# Records to use:
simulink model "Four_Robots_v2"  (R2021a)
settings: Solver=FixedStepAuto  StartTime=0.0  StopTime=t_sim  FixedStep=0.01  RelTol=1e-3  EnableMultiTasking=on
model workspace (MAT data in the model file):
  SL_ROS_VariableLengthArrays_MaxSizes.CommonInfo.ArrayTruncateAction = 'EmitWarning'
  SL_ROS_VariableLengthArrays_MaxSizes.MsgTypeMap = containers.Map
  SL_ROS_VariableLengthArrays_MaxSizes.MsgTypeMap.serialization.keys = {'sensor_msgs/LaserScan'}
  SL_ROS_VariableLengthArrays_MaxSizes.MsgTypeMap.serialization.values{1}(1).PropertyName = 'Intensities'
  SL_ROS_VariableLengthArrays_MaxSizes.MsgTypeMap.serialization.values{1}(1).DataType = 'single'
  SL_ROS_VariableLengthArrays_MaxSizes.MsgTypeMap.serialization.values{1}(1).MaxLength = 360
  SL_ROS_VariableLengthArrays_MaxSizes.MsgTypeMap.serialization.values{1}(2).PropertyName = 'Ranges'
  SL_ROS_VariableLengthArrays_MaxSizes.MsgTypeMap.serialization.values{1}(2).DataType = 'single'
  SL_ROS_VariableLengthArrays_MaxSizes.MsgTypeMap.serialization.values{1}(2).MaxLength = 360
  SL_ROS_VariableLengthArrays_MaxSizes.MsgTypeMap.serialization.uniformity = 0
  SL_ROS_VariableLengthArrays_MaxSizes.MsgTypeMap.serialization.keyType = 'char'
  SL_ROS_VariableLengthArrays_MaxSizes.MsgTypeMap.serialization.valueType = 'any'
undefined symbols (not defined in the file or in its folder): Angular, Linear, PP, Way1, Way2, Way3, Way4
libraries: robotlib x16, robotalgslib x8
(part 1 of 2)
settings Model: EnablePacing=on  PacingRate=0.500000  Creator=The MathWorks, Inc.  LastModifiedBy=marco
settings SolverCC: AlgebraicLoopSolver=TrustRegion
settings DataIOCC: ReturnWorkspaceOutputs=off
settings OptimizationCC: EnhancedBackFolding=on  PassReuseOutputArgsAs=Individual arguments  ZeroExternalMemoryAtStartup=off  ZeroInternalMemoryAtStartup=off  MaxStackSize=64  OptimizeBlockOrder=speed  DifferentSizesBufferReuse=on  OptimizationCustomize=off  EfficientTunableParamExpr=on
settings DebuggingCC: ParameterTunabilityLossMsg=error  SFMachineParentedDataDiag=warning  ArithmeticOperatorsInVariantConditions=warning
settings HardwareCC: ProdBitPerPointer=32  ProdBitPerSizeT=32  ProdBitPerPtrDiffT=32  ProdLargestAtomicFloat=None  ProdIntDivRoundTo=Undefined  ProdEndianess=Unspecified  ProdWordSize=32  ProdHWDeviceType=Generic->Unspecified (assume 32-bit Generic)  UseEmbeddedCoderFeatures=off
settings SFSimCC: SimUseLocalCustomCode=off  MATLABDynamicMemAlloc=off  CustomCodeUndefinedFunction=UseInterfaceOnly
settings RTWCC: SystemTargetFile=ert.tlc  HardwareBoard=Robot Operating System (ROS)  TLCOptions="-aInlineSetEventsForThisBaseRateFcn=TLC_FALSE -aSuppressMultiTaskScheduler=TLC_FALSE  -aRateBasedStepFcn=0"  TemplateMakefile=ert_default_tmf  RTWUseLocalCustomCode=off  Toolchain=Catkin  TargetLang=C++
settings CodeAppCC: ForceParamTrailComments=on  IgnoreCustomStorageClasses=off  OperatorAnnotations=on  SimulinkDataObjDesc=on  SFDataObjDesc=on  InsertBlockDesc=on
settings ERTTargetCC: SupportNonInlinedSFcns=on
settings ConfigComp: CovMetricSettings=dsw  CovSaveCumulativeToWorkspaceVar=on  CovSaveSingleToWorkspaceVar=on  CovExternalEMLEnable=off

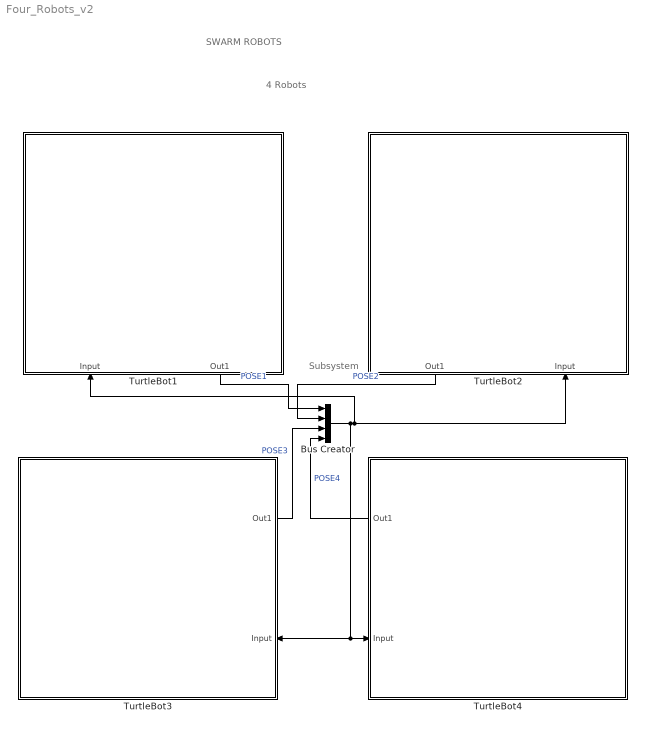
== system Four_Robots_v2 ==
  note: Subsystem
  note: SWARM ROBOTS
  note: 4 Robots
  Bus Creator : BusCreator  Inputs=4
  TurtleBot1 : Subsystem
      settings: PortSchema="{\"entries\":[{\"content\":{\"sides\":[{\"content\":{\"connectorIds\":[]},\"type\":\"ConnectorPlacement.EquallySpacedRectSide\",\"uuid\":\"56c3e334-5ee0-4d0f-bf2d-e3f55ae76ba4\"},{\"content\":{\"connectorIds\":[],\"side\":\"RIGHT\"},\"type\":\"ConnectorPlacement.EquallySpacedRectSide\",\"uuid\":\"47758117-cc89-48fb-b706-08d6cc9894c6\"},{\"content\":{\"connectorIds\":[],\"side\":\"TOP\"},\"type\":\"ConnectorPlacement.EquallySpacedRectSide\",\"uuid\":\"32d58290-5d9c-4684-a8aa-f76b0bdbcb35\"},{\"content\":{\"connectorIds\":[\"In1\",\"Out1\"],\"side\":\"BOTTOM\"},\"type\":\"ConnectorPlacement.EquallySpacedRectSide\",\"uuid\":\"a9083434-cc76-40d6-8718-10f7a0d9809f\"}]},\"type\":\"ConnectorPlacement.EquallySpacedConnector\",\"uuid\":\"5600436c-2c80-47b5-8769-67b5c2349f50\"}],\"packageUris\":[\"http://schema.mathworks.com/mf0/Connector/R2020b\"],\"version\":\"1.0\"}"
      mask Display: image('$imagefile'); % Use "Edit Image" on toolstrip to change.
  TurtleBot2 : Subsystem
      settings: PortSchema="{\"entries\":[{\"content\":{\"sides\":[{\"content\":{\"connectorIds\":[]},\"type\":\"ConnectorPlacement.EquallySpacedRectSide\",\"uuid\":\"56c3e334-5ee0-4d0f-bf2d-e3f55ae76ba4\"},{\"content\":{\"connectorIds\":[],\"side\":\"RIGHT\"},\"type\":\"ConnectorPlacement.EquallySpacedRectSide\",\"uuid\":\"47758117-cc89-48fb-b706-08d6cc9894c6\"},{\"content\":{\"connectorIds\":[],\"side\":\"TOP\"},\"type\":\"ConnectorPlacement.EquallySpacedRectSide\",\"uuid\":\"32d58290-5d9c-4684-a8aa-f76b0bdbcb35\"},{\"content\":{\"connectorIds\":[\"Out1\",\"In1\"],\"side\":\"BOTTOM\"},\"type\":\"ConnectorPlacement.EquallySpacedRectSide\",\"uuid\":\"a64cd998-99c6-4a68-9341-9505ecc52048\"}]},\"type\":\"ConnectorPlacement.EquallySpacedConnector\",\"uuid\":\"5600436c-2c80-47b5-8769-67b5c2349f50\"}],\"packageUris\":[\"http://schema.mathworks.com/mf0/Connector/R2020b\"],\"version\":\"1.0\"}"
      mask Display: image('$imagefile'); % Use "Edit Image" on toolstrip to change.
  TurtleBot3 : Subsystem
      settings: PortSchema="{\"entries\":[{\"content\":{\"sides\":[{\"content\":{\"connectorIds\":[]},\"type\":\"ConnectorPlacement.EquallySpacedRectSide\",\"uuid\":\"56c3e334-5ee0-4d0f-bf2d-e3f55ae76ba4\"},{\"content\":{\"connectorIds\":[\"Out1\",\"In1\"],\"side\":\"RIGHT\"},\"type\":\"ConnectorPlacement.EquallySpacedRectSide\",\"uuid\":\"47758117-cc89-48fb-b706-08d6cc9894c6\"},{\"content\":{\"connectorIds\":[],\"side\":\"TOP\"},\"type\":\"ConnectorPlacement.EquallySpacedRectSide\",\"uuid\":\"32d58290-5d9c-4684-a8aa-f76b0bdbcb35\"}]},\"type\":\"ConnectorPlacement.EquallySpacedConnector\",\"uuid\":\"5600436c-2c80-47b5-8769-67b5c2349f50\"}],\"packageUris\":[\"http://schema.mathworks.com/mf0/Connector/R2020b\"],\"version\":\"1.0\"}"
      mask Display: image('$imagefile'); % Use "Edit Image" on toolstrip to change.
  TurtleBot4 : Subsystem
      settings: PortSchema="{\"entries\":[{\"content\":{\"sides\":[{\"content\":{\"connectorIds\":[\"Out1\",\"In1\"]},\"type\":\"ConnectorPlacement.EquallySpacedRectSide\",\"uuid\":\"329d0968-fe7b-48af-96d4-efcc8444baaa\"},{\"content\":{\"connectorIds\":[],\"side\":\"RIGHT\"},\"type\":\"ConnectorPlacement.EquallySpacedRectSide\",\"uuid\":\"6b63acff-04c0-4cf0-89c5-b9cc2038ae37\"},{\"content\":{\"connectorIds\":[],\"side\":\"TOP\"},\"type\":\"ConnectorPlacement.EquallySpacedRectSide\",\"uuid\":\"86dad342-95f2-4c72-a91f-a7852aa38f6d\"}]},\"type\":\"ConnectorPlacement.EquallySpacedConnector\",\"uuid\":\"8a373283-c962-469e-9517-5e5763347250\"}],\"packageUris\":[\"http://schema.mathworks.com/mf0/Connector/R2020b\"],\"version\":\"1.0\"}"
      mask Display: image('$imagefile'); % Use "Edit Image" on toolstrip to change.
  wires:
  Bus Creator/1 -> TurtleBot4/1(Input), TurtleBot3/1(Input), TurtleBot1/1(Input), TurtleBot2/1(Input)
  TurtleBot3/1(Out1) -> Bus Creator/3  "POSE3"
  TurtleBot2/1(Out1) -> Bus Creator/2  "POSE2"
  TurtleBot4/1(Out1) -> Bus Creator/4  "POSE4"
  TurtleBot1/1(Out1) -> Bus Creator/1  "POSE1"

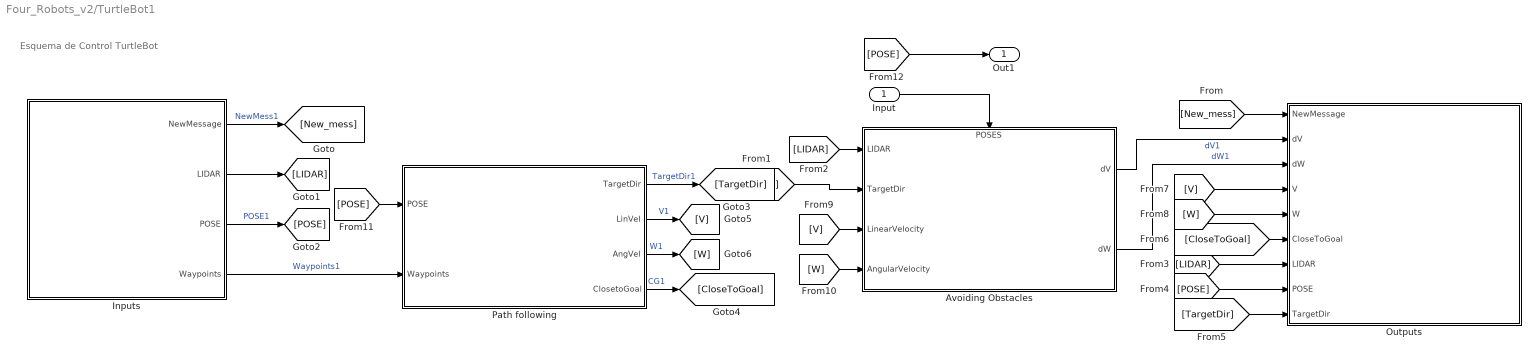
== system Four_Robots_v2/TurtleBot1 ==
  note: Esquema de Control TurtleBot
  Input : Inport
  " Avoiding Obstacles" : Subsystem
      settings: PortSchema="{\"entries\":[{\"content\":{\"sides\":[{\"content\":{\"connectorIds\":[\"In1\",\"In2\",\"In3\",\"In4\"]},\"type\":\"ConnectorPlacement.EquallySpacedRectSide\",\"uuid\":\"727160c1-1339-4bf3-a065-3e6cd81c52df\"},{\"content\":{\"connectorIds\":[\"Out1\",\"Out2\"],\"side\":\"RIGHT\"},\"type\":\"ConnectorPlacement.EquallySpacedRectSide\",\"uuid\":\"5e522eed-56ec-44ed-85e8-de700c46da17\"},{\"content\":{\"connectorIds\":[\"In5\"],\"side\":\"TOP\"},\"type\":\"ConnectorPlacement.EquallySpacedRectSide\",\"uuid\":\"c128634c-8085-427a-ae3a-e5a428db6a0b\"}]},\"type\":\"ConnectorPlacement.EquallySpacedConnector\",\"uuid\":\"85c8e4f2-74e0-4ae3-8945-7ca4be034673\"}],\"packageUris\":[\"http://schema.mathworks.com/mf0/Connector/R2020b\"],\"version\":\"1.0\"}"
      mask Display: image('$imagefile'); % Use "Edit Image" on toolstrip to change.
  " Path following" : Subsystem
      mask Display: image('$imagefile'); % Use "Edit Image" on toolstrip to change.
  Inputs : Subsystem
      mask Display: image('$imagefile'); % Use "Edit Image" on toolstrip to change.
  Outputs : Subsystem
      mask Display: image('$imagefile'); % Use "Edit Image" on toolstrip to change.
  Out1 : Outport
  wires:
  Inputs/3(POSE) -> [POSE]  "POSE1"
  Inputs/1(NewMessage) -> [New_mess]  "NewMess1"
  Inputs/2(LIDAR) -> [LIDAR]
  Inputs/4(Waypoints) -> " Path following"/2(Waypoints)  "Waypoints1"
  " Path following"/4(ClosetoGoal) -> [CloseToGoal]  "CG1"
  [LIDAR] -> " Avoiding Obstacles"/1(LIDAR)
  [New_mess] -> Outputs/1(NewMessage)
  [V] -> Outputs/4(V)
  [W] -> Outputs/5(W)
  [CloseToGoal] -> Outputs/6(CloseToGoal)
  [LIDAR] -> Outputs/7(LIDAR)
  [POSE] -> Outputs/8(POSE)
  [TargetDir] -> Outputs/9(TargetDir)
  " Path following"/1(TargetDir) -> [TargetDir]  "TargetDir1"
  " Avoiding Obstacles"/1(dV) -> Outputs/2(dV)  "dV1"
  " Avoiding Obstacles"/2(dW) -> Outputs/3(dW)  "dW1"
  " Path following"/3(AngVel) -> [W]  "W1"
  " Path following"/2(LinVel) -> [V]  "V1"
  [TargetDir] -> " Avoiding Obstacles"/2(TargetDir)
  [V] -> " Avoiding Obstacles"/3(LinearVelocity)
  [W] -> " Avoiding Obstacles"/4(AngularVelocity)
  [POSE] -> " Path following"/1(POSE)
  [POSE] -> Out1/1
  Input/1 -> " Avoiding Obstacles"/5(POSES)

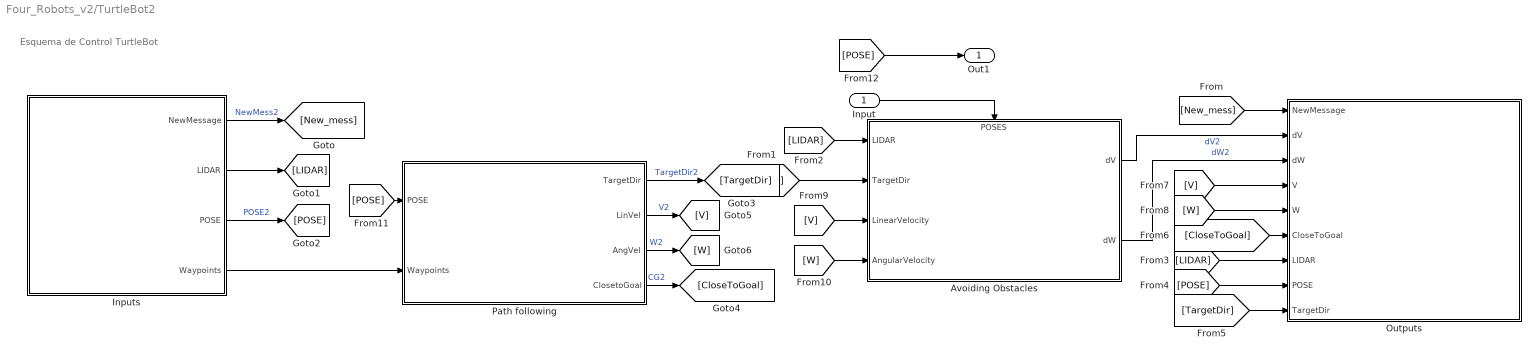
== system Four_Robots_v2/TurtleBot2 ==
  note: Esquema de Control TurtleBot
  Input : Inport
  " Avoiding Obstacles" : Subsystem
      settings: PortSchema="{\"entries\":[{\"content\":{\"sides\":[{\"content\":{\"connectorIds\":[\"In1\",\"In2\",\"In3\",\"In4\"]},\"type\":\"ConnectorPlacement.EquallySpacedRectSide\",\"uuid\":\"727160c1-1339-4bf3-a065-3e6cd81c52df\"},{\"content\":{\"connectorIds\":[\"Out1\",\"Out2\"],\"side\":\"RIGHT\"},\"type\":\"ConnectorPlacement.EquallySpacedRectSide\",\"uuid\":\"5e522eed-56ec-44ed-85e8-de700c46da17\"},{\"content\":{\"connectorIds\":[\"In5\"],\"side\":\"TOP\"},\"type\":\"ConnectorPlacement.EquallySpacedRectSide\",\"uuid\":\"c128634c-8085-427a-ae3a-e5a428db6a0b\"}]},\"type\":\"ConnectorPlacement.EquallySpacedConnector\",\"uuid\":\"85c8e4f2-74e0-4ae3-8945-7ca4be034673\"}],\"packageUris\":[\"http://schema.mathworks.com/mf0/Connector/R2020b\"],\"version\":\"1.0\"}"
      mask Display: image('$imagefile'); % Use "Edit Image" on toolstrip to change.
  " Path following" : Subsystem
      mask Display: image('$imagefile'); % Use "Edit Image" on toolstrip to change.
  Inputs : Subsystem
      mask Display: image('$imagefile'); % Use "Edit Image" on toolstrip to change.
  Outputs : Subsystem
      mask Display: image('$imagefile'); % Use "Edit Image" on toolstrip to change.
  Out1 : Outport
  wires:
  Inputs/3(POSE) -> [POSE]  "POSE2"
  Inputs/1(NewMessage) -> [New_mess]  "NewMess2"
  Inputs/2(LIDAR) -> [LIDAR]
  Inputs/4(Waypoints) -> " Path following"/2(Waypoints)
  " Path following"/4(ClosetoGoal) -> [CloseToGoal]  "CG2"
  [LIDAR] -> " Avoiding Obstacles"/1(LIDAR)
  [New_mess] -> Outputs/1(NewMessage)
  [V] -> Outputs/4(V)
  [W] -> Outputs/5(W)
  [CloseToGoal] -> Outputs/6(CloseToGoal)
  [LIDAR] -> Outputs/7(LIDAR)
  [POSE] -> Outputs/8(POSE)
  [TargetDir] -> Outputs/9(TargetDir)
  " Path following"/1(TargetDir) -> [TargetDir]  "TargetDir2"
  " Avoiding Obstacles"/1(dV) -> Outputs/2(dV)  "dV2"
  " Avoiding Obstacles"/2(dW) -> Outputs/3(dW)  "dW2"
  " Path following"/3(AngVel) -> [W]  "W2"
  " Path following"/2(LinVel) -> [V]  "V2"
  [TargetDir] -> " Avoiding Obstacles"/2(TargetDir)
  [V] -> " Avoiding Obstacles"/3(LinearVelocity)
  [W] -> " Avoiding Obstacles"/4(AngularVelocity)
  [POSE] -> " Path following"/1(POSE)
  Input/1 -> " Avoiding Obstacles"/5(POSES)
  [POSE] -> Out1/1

# Goal of the exercise:
The expected output is exactly the lines of the listing above between the line holding "settings DataIOCC: ReturnWorkspaceOutputs=off" and the line holding "settings DebuggingCC: ParameterTunabilityLossMsg=error", inclusive.

# Task response:
settings DataIOCC: ReturnWorkspaceOutputs=off
settings OptimizationCC: EnhancedBackFolding=on  PassReuseOutputArgsAs=Individual arguments  ZeroExternalMemoryAtStartup=off  ZeroInternalMemoryAtStartup=off  MaxStackSize=64  OptimizeBlockOrder=speed  DifferentSizesBufferReuse=on  OptimizationCustomize=off  EfficientTunableParamExpr=on
settings DebuggingCC: ParameterTunabilityLossMsg=error  SFMachineParentedDataDiag=warning  ArithmeticOperatorsInVariantConditions=warning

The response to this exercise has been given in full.